> [INSTRUCTIONS FOR THE TASK] Using the listing below, print exactly everything from the line with "#183=ADVANCED_FACE('F464',(#182),#157,.F.);" down to the line with "#216=ADVANCED_FACE('F602',(#215),#188,.F.);", both included, and nothing more.

> [SOURCE DATA]
>>>>

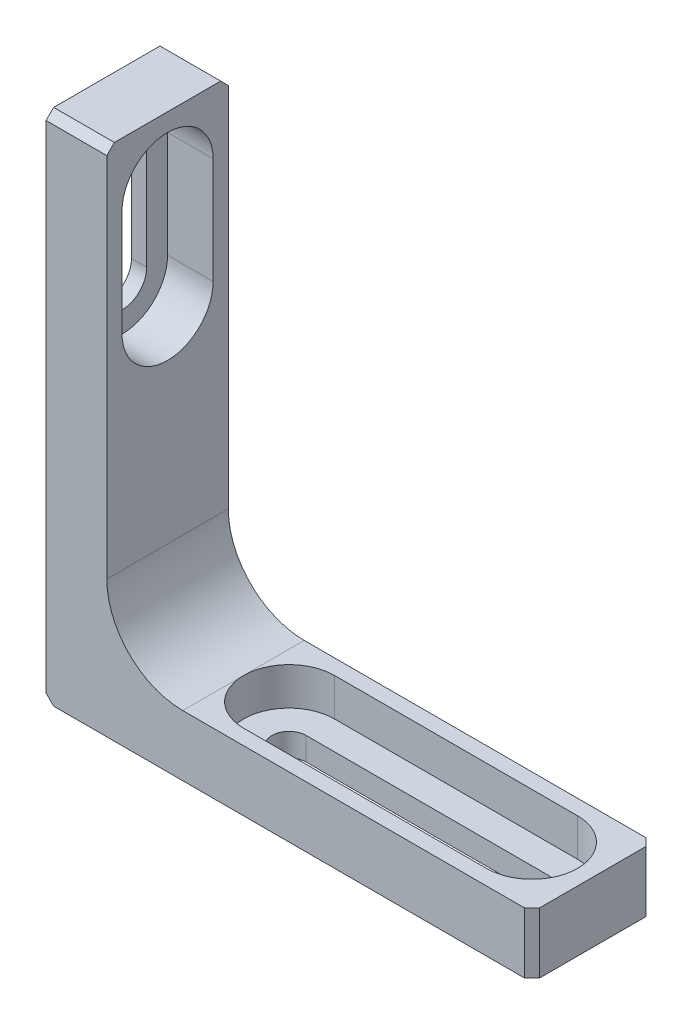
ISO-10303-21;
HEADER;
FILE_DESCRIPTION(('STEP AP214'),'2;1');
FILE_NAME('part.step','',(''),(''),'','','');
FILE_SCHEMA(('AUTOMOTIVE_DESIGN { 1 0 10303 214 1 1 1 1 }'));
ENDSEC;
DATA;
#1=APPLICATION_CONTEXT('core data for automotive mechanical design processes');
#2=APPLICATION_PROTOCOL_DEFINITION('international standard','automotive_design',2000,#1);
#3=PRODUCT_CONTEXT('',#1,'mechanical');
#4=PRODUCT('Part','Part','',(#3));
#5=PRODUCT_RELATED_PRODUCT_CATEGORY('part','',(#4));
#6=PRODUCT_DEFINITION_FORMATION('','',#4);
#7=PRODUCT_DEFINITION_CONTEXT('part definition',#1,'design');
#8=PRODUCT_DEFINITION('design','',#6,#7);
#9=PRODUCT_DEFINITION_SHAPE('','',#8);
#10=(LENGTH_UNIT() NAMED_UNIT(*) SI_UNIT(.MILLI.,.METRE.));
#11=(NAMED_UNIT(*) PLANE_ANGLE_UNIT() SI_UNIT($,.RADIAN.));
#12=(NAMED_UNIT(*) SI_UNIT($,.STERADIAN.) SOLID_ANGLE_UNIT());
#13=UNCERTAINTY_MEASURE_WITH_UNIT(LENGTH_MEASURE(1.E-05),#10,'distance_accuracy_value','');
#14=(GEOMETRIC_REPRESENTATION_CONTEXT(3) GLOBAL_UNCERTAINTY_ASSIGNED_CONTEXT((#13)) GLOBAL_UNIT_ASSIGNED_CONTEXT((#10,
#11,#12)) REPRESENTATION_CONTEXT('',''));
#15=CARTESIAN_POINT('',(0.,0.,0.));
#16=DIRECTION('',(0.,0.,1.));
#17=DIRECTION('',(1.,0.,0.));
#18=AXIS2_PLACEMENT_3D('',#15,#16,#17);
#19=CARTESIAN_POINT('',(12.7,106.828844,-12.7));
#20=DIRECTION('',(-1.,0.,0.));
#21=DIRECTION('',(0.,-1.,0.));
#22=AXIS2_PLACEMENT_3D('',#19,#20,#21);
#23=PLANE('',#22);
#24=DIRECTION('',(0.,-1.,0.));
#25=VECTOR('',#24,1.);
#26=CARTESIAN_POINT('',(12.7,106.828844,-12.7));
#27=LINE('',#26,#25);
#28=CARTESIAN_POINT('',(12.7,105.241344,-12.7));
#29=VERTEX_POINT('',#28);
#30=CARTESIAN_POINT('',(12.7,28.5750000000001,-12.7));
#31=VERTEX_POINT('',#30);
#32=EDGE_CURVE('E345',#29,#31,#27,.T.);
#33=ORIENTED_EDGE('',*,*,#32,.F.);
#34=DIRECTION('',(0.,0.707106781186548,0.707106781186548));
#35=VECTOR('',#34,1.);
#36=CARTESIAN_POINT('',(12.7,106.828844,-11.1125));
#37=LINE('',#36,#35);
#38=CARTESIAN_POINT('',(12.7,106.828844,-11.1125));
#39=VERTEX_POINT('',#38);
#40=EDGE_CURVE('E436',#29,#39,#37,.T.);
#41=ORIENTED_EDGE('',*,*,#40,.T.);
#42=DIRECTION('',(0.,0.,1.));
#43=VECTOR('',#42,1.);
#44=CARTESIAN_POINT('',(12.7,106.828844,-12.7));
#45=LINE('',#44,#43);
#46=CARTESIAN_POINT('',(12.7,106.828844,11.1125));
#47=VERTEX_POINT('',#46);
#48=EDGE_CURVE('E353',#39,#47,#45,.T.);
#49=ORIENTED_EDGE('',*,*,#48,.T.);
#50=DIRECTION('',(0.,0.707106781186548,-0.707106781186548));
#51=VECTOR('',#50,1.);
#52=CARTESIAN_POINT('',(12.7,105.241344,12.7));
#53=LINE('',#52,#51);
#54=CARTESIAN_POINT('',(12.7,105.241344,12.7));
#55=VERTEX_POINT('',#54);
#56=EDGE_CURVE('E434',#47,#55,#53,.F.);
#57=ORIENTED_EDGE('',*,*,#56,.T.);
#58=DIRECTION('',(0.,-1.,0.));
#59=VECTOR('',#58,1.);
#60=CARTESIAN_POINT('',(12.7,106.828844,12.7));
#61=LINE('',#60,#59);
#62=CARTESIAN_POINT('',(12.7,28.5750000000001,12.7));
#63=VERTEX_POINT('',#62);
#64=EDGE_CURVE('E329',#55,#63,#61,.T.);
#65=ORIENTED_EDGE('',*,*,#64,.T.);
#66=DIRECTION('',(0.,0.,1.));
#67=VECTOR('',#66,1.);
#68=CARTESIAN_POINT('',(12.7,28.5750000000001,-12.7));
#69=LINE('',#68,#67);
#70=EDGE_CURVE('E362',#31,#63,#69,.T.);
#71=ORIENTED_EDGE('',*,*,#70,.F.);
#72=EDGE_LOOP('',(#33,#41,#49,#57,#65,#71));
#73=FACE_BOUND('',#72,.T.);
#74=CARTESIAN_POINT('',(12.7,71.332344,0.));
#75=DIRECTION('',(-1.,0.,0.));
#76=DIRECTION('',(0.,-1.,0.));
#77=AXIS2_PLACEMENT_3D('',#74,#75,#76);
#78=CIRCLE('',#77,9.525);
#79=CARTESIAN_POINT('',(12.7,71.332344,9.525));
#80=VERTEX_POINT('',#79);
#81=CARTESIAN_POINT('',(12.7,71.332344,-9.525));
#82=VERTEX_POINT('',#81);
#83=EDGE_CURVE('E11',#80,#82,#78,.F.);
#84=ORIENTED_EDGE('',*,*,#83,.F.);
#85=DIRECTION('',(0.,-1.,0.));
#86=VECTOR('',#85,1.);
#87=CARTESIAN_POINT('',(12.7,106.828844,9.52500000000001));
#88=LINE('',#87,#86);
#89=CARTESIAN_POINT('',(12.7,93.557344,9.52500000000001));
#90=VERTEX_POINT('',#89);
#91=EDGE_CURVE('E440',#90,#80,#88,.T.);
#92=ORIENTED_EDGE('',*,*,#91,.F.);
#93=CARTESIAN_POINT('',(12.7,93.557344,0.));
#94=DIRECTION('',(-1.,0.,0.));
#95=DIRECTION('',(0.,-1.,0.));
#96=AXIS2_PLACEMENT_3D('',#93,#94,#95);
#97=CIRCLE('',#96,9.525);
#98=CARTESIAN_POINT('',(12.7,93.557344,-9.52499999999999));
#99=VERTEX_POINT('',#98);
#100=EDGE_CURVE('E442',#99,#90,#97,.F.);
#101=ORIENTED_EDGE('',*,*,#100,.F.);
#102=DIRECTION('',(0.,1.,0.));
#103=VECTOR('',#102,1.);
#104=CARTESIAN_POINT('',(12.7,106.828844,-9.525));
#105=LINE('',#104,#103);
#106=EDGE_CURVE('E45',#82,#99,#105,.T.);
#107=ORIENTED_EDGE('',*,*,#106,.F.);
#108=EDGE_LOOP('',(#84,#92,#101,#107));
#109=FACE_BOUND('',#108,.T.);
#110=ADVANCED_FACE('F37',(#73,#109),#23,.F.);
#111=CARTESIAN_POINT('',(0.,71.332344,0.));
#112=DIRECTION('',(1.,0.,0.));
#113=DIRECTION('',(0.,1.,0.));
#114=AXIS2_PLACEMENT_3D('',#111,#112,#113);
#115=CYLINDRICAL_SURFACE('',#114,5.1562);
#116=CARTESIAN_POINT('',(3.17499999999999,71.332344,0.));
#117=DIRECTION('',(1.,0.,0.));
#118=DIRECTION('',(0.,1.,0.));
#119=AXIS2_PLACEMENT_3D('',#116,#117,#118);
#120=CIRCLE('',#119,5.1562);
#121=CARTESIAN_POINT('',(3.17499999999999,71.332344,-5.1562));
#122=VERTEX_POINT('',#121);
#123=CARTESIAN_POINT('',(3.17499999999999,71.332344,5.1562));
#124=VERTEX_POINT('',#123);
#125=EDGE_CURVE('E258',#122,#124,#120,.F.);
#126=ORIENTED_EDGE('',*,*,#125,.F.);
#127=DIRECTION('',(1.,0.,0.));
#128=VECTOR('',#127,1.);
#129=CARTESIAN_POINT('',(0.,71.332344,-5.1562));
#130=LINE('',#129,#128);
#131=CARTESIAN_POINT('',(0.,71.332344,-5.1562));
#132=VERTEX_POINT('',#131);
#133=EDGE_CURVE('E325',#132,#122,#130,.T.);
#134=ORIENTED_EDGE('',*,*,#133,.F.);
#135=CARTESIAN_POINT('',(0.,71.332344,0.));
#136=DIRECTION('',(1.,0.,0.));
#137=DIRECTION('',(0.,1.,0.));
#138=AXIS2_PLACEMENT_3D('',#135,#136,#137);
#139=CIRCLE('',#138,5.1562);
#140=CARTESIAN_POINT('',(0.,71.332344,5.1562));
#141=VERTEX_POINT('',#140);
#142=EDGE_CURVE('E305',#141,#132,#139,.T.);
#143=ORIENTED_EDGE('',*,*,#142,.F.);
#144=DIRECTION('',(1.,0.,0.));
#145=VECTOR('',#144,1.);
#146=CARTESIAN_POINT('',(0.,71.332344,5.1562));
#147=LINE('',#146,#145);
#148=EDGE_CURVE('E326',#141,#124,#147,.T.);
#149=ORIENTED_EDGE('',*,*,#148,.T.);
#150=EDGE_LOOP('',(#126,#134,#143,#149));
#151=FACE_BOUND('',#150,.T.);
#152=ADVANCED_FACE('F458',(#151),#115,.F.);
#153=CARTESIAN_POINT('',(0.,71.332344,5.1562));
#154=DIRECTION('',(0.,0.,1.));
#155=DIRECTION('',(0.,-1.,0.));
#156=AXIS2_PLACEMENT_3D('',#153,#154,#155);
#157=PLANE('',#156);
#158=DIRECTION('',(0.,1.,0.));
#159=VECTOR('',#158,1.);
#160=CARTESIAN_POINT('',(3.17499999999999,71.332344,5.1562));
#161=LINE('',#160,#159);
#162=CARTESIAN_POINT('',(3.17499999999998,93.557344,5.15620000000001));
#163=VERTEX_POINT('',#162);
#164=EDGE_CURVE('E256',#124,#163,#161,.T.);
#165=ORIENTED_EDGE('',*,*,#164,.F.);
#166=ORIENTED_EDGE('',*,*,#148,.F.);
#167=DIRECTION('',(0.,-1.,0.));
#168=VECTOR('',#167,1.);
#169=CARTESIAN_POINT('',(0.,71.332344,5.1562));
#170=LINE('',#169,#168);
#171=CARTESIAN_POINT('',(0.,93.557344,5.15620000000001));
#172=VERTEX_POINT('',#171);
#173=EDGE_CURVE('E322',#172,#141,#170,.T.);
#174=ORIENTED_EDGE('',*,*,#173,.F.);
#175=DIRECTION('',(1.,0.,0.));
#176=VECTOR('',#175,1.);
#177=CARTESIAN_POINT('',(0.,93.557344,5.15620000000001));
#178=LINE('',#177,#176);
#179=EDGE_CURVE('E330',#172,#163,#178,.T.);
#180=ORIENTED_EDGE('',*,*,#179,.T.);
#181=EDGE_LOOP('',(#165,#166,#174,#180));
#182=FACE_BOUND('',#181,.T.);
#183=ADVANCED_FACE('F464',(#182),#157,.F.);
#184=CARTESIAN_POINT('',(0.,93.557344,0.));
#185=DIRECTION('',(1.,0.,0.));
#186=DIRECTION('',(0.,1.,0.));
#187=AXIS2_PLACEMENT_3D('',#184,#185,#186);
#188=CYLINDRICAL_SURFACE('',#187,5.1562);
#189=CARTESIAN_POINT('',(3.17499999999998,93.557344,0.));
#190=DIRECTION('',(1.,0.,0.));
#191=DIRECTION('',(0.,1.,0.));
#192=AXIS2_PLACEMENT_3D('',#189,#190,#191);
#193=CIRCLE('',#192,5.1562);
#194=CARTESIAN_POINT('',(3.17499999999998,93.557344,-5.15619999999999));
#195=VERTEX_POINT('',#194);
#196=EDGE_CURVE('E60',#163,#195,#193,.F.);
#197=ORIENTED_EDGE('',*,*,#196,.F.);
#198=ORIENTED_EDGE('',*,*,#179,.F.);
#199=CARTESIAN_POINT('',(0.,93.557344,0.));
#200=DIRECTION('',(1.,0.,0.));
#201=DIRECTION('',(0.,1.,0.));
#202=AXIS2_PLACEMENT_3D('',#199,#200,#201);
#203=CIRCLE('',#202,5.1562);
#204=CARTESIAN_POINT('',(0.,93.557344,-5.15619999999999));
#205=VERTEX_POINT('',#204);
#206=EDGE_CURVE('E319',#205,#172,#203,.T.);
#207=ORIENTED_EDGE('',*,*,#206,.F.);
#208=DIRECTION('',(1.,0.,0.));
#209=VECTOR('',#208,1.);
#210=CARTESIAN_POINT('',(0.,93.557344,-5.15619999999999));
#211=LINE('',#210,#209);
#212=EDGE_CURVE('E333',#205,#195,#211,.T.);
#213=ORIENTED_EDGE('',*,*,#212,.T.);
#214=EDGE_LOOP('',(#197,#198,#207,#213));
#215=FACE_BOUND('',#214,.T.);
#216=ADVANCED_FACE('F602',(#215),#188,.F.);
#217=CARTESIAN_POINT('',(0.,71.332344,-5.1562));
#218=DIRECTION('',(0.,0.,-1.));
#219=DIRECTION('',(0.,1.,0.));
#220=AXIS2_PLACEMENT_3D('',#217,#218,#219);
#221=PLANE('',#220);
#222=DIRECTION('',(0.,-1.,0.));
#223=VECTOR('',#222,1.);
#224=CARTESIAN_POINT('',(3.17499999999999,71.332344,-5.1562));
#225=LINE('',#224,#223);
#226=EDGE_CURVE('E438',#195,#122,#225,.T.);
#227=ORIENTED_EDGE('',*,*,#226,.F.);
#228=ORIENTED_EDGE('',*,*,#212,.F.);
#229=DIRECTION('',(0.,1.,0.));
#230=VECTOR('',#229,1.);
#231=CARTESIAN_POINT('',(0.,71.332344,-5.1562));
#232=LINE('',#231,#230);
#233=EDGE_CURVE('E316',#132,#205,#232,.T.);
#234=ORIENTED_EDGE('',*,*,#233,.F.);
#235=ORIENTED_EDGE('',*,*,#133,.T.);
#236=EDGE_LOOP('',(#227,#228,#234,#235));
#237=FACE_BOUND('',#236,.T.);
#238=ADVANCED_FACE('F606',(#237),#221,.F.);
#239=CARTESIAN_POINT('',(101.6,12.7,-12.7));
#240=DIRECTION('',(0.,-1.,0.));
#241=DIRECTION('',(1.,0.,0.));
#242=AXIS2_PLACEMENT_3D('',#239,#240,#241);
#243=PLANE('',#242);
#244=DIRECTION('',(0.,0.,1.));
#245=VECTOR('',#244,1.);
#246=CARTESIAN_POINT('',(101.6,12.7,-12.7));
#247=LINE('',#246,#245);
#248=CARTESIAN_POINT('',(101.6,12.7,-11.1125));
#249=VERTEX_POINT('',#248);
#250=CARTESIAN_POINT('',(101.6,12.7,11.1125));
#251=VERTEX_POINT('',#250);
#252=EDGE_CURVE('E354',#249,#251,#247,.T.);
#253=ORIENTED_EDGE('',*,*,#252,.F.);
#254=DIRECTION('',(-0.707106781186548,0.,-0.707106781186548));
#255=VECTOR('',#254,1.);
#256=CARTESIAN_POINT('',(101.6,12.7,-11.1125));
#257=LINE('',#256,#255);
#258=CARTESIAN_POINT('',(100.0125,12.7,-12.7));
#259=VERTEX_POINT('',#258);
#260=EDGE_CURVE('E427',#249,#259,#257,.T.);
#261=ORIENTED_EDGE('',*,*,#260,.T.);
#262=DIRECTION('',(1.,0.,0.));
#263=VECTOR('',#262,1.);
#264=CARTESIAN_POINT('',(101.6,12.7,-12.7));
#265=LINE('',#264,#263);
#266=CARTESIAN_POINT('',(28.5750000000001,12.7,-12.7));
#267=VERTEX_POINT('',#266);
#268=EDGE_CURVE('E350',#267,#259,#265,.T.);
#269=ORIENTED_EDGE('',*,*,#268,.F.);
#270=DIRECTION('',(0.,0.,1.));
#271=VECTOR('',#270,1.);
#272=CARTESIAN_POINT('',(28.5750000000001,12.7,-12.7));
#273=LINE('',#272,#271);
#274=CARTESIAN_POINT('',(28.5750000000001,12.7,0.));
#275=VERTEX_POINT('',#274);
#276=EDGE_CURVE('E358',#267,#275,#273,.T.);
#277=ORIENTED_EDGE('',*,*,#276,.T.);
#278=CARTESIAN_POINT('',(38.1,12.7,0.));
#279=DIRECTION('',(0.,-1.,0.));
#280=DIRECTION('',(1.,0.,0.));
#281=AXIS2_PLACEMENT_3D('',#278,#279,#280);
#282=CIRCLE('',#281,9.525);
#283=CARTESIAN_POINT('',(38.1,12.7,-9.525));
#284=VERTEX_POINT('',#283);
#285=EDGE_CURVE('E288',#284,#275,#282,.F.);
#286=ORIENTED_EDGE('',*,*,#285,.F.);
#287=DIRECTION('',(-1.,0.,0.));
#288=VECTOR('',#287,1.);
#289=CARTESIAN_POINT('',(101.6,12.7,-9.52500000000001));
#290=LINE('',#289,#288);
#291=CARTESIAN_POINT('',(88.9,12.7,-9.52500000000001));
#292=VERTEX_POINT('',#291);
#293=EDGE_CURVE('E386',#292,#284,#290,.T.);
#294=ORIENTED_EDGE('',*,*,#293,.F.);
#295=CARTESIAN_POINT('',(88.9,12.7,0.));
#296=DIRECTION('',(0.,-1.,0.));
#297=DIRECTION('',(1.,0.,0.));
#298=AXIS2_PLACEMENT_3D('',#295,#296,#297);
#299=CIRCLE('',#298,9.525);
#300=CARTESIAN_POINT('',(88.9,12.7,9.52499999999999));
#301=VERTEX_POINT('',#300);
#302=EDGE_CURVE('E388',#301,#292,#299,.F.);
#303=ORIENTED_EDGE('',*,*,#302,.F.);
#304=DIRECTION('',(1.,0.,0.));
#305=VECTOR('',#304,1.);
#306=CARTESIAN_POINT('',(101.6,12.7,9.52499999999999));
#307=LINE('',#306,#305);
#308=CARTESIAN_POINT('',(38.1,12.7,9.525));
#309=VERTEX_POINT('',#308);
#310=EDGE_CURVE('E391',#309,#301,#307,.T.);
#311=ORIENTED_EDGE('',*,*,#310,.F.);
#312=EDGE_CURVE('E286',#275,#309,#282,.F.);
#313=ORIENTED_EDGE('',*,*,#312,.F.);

<<<<

> [EXERCISE ANSWER]
#183=ADVANCED_FACE('F464',(#182),#157,.F.);
#184=CARTESIAN_POINT('',(0.,93.557344,0.));
#185=DIRECTION('',(1.,0.,0.));
#186=DIRECTION('',(0.,1.,0.));
#187=AXIS2_PLACEMENT_3D('',#184,#185,#186);
#188=CYLINDRICAL_SURFACE('',#187,5.1562);
#189=CARTESIAN_POINT('',(3.17499999999998,93.557344,0.));
#190=DIRECTION('',(1.,0.,0.));
#191=DIRECTION('',(0.,1.,0.));
#192=AXIS2_PLACEMENT_3D('',#189,#190,#191);
#193=CIRCLE('',#192,5.1562);
#194=CARTESIAN_POINT('',(3.17499999999998,93.557344,-5.15619999999999));
#195=VERTEX_POINT('',#194);
#196=EDGE_CURVE('E60',#163,#195,#193,.F.);
#197=ORIENTED_EDGE('',*,*,#196,.F.);
#198=ORIENTED_EDGE('',*,*,#179,.F.);
#199=CARTESIAN_POINT('',(0.,93.557344,0.));
#200=DIRECTION('',(1.,0.,0.));
#201=DIRECTION('',(0.,1.,0.));
#202=AXIS2_PLACEMENT_3D('',#199,#200,#201);
#203=CIRCLE('',#202,5.1562);
#204=CARTESIAN_POINT('',(0.,93.557344,-5.15619999999999));
#205=VERTEX_POINT('',#204);
#206=EDGE_CURVE('E319',#205,#172,#203,.T.);
#207=ORIENTED_EDGE('',*,*,#206,.F.);
#208=DIRECTION('',(1.,0.,0.));
#209=VECTOR('',#208,1.);
#210=CARTESIAN_POINT('',(0.,93.557344,-5.15619999999999));
#211=LINE('',#210,#209);
#212=EDGE_CURVE('E333',#205,#195,#211,.T.);
#213=ORIENTED_EDGE('',*,*,#212,.T.);
#214=EDGE_LOOP('',(#197,#198,#207,#213));
#215=FACE_BOUND('',#214,.T.);
#216=ADVANCED_FACE('F602',(#215),#188,.F.);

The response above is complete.